Hacettepe University Faculty of Medicine, Department of Pediatrics, Division of Pediatric Metabolism, Turkey.
Mol Genet Metab. 2023 Jun;139(2):107607. doi: 10.1016/j.ymgme.2023.107607. Epub 2023 May 11.
Old age, obesity, and certain chronic conditions are among the risk factors for severe COVID-19. More information is needed on whether inherited metabolic disorders (IMD) confer risk of more severe COVID-19. We aimed to establish COVID-19 severity and associated risk factors in patients with IMD currently followed at a single metabolic center.
Among all IMD patients followed at a single metabolic referral center who had at least one clinic visit since 2018, those with accessible medical records were reviewed for SARS-CoV-2 tests. COVID-19 severity was classified according to the WHO recommendations, and IMD as per the international classification of IMD.
Among the 1841 patients with IMD, 248 (13.5%) had tested positive for COVID-19, 223 of whom gave consent for inclusion in the study (131 children and 92 adults). Phenylalanine hydroxylase (48.4%) and biotinidase (12.1%) deficiencies were the most common diagnoses, followed by mucopolysaccharidoses (7.2%). 38.1% had comorbidities, such as neurologic disabilities (22%) or obesity (9.4%). The majority of COVID-19 episodes were asymptomatic (16.1%) or mild (77.6%), but 6 patients (2.7%) each had moderate and severe COVID-19, and two (0.9%) had critical COVID-19, both of whom died. 3 patients had an acute metabolic decompensation during the infection. Two children developed multisystem inflammatory syndrome (MIS-C). Long COVID symptoms were present in 25.2%. Presence of comorbidities was significantly associated with more severe COVID-19 in adults with IMD (p < 0.01), but not in children (p = 0.45). Compared to other categories of IMD, complex molecule degradation disorders were significantly associated with more severe COVID-19 in children (p < 0.01); such a significant IMD category distinction was not found in adults.
This is the largest study on COVID-19 in IMD patients relying on real-word data and objective definitions, and not on merely expert opinions or physician surveys. COVID-19 severity and long COVID incidence in IMD are probably similar to the general population, and the risk of acute metabolic decompensation is not likely to be greater than that in other acute infections. Disease category (complex molecule degradation) in children, and comorbidities in adults may be associated with COVID-19 severity in IMD. Additionally, the first documented accounts of COVID-19 in 27 different IMD are recorded. The high occurrence of MIS-C may be coincidental, but warrants further study.

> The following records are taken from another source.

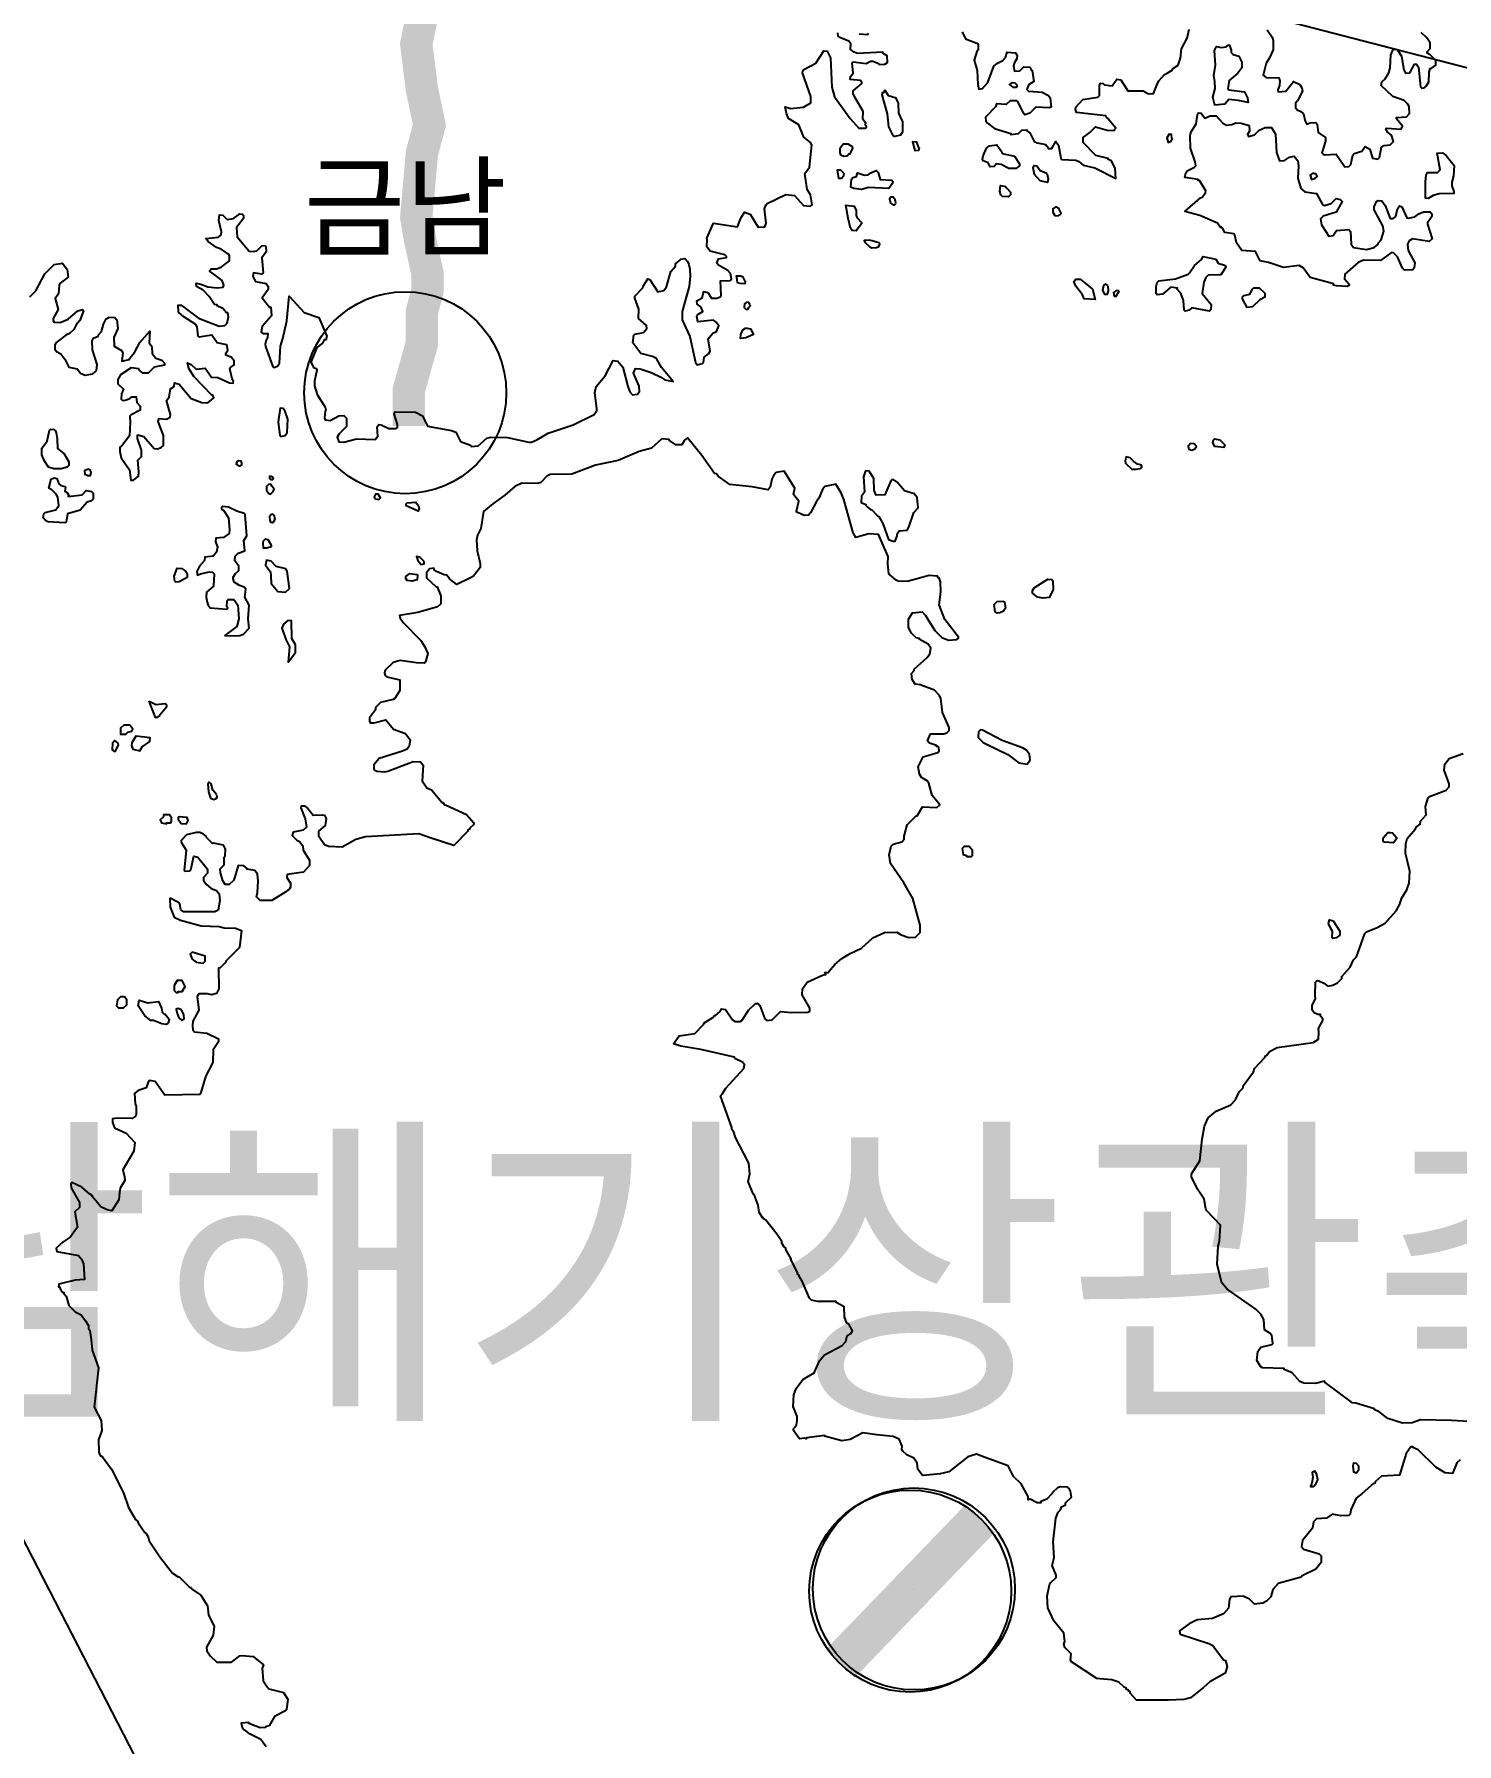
# Model space of a CAD drawing. Header units: millimetres. Extents: x -19392 to 580976, y -49129 to 736091.
# Drawn here: x 273600 to 291202, y 145260 to 166420 of the extents above; entities that cross this region are included whole.
import ezdxf
from ezdxf.enums import TextEntityAlignment as Align

# ---------------------------------------------------------------- set-up
doc = ezdxf.new("R2010")
doc.units = ezdxf.units.MM
for name, color, linetype in [('2121', 7, 'Continuous'), ('2122', 7, 'Continuous'), ('2411', 7, 'Continuous'), ('AWS', 4, 'Continuous'), ('AWS명', 2, 'Continuous'), ('EL', 2, 'Continuous'), ('Point', 1, 'Continuous'), ('관측소명', 3, 'Continuous'), ('기상청', 1, 'Continuous'), ('티센', 6, 'Continuous')]:
    doc.layers.add(name, color=color, linetype=linetype)
doc.styles.get("Standard").update_dxf_attribs({"font": ''})
doc.styles.get('Standard').set_extended_font_data('Gulim')

# ---------------------------------------------------------------- blocks, each defined once
blk = doc.blocks.new('관측소(기상청)')
at = {"layer": '기상청', "const_width": 500}
blk.add_lwpolyline([(821, 874), (-914, -926)], dxfattribs=at)
at = {"layer": '기상청'}
blk.add_circle((-46, -26), 1250, dxfattribs=at)

msp = doc.modelspace()

# ---------------------------------------------------------------- linework, layer by layer
at = {"layer": '2121', "color": 7}
for points in [[(273545, 163168), (273620, 163244), (273732, 163456), (273845, 163569), (273950, 163588), (274007, 163507), (274020, 163413), (273920, 163338), (273920, 163338), (273908, 163313), (273902, 163207), (273858, 163151), (273896, 163014), (273834, 162901), (273834, 162875), (273847, 162857), (273922, 162851), (274021, 162895), (274140, 162995), (274196, 163011), (274208, 162996), (274165, 162876), (274117, 162823), (274089, 162766), (274038, 162718), (273991, 162694), (273866, 162601), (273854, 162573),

年龄、肥胖和某些慢性疾病是 COVID-19 重症的危险因素之一。关于遗传性代谢紊乱(IMD)是否会增加 COVID-19 重症的风险,需要更多信息。我们旨在确定在一家代谢中心接受治疗的 IMD 患者中 COVID-19 的严重程度和相关危险因素。
在所有自 2018 年以来至少有一次就诊记录的接受单代谢转诊中心治疗的 IMD 患者中,对可获得病历的患者进行了 SARS-CoV-2 检测。根据世界卫生组织的建议对 COVID-19 的严重程度进行了分类,根据国际 IMD 分类对 IMD 进行了分类。
在 1841 名 IMD 患者中,有 248 名(13.5%) COVID-19 检测呈阳性,其中 223 名同意纳入研究(131 名儿童和 92 名成人)。苯丙氨酸羟化酶(48.4%)和生物素酶(12.1%)缺乏症是最常见的诊断,其次是黏多糖贮积症(7.2%)。38.1%的患者有合并症,如神经残疾(22%)或肥胖(9.4%)。大多数 COVID-19 病例为无症状(16.1%)或轻症(77.6%),但有 6 名患者(2.7%)分别为中重度 COVID-19,2 名(0.9%)为危重症 COVID-19,均死亡。3 名患者在感染期间发生急性代谢失代偿。2 名儿童出现多系统炎症综合征(MIS-C)。25.2%的患者有长期 COVID 症状。合并症与 IMD 成人的更严重 COVID-19显著相关(p<0.01),但与儿童无关(p=0.45)。与其他 IMD 类别相比,复杂分子降解障碍与儿童的更严重 COVID-19显著相关(p<0.01);在成人中没有发现这种显著的 IMD 类别差异。
这是一项基于真实数据和客观定义的最大规模的 IMD 患者 COVID-19 研究,而不是仅仅依靠专家意见或医生调查。IMD 患者的 COVID-19 严重程度和长期 COVID 发生率可能与一般人群相似,急性代谢失代偿的风险不太可能大于其他急性感染。儿童的疾病类别(复杂分子降解)和成人的合并症可能与 IMD 中的 COVID-19 严重程度相关。此外,还记录了 27 种不同 IMD 中的首例 COVID-19 病例。MIS-C 的高发可能是偶然的,但值得进一步研究。